* **WHAT IS NEEDED**
Take every line containing "diagram" out of the records.

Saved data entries

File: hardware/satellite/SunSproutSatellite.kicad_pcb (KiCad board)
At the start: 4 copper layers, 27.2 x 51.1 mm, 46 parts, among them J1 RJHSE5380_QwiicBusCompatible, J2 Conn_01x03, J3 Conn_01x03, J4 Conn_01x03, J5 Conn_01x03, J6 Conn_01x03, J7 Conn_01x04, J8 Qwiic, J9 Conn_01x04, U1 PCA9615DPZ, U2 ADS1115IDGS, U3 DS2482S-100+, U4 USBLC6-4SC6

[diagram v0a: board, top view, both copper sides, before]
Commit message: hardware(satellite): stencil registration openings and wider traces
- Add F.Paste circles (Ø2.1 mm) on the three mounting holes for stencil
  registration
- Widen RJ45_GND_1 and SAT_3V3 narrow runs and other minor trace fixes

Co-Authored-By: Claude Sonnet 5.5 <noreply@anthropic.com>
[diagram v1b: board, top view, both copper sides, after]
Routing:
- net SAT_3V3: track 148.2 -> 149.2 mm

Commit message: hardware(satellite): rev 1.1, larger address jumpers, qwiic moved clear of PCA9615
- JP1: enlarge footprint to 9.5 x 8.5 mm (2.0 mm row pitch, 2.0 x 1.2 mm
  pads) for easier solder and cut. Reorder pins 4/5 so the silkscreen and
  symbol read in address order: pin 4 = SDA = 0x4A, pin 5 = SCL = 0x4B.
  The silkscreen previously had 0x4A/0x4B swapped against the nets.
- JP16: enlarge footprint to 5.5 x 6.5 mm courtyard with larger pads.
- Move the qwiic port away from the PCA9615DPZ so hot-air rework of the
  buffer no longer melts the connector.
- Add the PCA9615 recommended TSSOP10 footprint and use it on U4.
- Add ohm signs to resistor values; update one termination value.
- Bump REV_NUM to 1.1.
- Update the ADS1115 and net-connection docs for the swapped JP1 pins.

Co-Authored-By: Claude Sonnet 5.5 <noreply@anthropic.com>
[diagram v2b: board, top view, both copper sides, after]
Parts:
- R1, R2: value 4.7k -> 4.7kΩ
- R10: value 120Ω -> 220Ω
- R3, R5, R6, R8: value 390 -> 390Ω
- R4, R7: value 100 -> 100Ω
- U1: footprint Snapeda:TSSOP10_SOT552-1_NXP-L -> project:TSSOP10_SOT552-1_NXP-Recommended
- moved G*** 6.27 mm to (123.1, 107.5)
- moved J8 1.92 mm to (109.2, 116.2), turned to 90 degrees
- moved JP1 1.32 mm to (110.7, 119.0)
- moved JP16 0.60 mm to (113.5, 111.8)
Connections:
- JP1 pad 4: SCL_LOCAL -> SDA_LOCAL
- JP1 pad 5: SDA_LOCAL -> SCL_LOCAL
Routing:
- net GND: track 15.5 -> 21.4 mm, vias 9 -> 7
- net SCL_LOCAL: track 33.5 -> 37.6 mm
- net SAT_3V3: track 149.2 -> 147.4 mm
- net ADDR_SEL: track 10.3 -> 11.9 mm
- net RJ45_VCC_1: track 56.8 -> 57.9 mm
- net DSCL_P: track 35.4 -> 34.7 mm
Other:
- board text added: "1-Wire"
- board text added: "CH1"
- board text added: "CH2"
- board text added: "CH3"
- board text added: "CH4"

* **EXERCISE OUTPUT**
[diagram v0a: board, top view, both copper sides, before]
[diagram v1b: board, top view, both copper sides, after]
[diagram v2b: board, top view, both copper sides, after]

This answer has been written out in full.